> **Problem to solve**: Copy the opening lines of the listing exactly, through and including the line with "#5140 = VERTEX_POINT ( 'NONE', #16489 ) ;"; do not copy any pictures.

Top of Extracted records

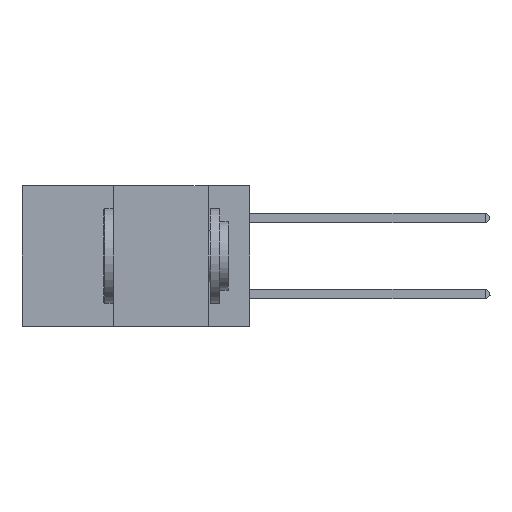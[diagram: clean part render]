
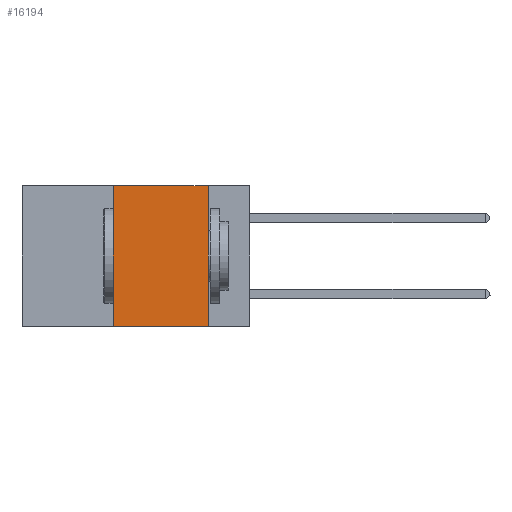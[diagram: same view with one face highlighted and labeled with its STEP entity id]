
A CAD part, left-side view. The second image highlights one B-rep face of the part: STEP entity #16194.
In plain terms, the highlighted planar face has unit normal (-1, 0, 0).
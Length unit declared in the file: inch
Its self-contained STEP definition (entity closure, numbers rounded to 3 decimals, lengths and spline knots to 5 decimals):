
#266 = DIRECTION ( 'NONE',  ( 0., 0., 1. ) ) ;
#389 = CARTESIAN_POINT ( 'NONE',  ( 0., 0.36, 0. ) ) ;
#408 = VECTOR ( 'NONE', #266, 39.37008 ) ;
#475 = VERTEX_POINT ( 'NONE', #15122 ) ;
#639 = CARTESIAN_POINT ( 'NONE',  ( 0., 0.6, 0. ) ) ;
#883 = EDGE_CURVE ( 'NONE', #5140, #475, #11078, .T. ) ;
#1235 = LINE ( 'NONE', #5862, #408 ) ;
#2093 = VECTOR ( 'NONE', #8280, 39.37008 ) ;
#2283 = CARTESIAN_POINT ( 'NONE',  ( 0., 0.11, 0. ) ) ;
#2331 = EDGE_CURVE ( 'NONE', #4017, #475, #16719, .T. ) ;
#2547 = VERTEX_POINT ( 'NONE', #389 ) ;
#3457 = PLANE ( 'NONE',  #15413 ) ;
#3847 = ORIENTED_EDGE ( 'NONE', *, *, #883, .F. ) ;
#4017 = VERTEX_POINT ( 'NONE', #8794 ) ;
#4215 = VECTOR ( 'NONE', #13434, 39.37008 ) ;
#5140 = VERTEX_POINT ( 'NONE', #16489 ) ;
#5408 = ORIENTED_EDGE ( 'NONE', *, *, #2331, .T. ) ;
#5862 = CARTESIAN_POINT ( 'NONE',  ( 0., 0.36, 0. ) ) ;
#6387 = DIRECTION ( 'NONE',  ( 0., 0., -1. ) ) ;
#8280 = DIRECTION ( 'NONE',  ( 0., -1., 0. ) ) ;
#8794 = CARTESIAN_POINT ( 'NONE',  ( 0., 0.36, -0.37 ) ) ;
#9318 = CARTESIAN_POINT ( 'NONE',  ( 0., 0.6, -0.37 ) ) ;
#10109 = DIRECTION ( 'NONE',  ( 0., 0., -1. ) ) ;
#10199 = EDGE_LOOP ( 'NONE', ( #3847, #16640, #16209, #5408 ) ) ;
#11078 = LINE ( 'NONE', #2283, #13990 ) ;
#11185 = CARTESIAN_POINT ( 'NONE',  ( 0., 0.6, 0. ) ) ;
#13115 = FACE_OUTER_BOUND ( 'NONE', #10199, .T. ) ;
#13434 = DIRECTION ( 'NONE',  ( 0., -1., 0. ) ) ;
#13990 = VECTOR ( 'NONE', #6387, 39.37008 ) ;
#15122 = CARTESIAN_POINT ( 'NONE',  ( 0., 0.11, -0.37 ) ) ;
#15413 = AXIS2_PLACEMENT_3D ( 'NONE', #639, #15640, #10109 ) ;
#15640 = DIRECTION ( 'NONE',  ( 1., 0., 0. ) ) ;
#16194 = ADVANCED_FACE ( 'NONE', ( #13115 ), #3457, .F. ) ;
#16209 = ORIENTED_EDGE ( 'NONE', *, *, #16915, .F. ) ;
#16489 = CARTESIAN_POINT ( 'NONE',  ( 0., 0.11, 0. ) ) ;
#16505 = LINE ( 'NONE', #11185, #2093 ) ;
#16640 = ORIENTED_EDGE ( 'NONE', *, *, #16697, .F. ) ;
#16697 = EDGE_CURVE ( 'NONE', #2547, #5140, #16505, .T. ) ;
#16719 = LINE ( 'NONE', #9318, #4215 ) ;
#16915 = EDGE_CURVE ( 'NONE', #4017, #2547, #1235, .T. ) ;

Bottom of Extracted records

> **Response box**:
[diagram: clean part render]
[diagram: same view with one face highlighted and labeled with its STEP entity id]
A CAD part, left-side view. The second image highlights one B-rep face of the part: STEP entity #16194.
In plain terms, the highlighted planar face has unit normal (-1, 0, 0).
Length unit declared in the file: inch
Its self-contained STEP definition (entity closure, numbers rounded to 3 decimals, lengths and spline knots to 5 decimals):
#266 = DIRECTION ( 'NONE',  ( 0., 0., 1. ) ) ;
#389 = CARTESIAN_POINT ( 'NONE',  ( 0., 0.36, 0. ) ) ;
#408 = VECTOR ( 'NONE', #266, 39.37008 ) ;
#475 = VERTEX_POINT ( 'NONE', #15122 ) ;
#639 = CARTESIAN_POINT ( 'NONE',  ( 0., 0.6, 0. ) ) ;
#883 = EDGE_CURVE ( 'NONE', #5140, #475, #11078, .T. ) ;
#1235 = LINE ( 'NONE', #5862, #408 ) ;
#2093 = VECTOR ( 'NONE', #8280, 39.37008 ) ;
#2283 = CARTESIAN_POINT ( 'NONE',  ( 0., 0.11, 0. ) ) ;
#2331 = EDGE_CURVE ( 'NONE', #4017, #475, #16719, .T. ) ;
#2547 = VERTEX_POINT ( 'NONE', #389 ) ;
#3457 = PLANE ( 'NONE',  #15413 ) ;
#3847 = ORIENTED_EDGE ( 'NONE', *, *, #883, .F. ) ;
#4017 = VERTEX_POINT ( 'NONE', #8794 ) ;
#4215 = VECTOR ( 'NONE', #13434, 39.37008 ) ;
#5140 = VERTEX_POINT ( 'NONE', #16489 ) ;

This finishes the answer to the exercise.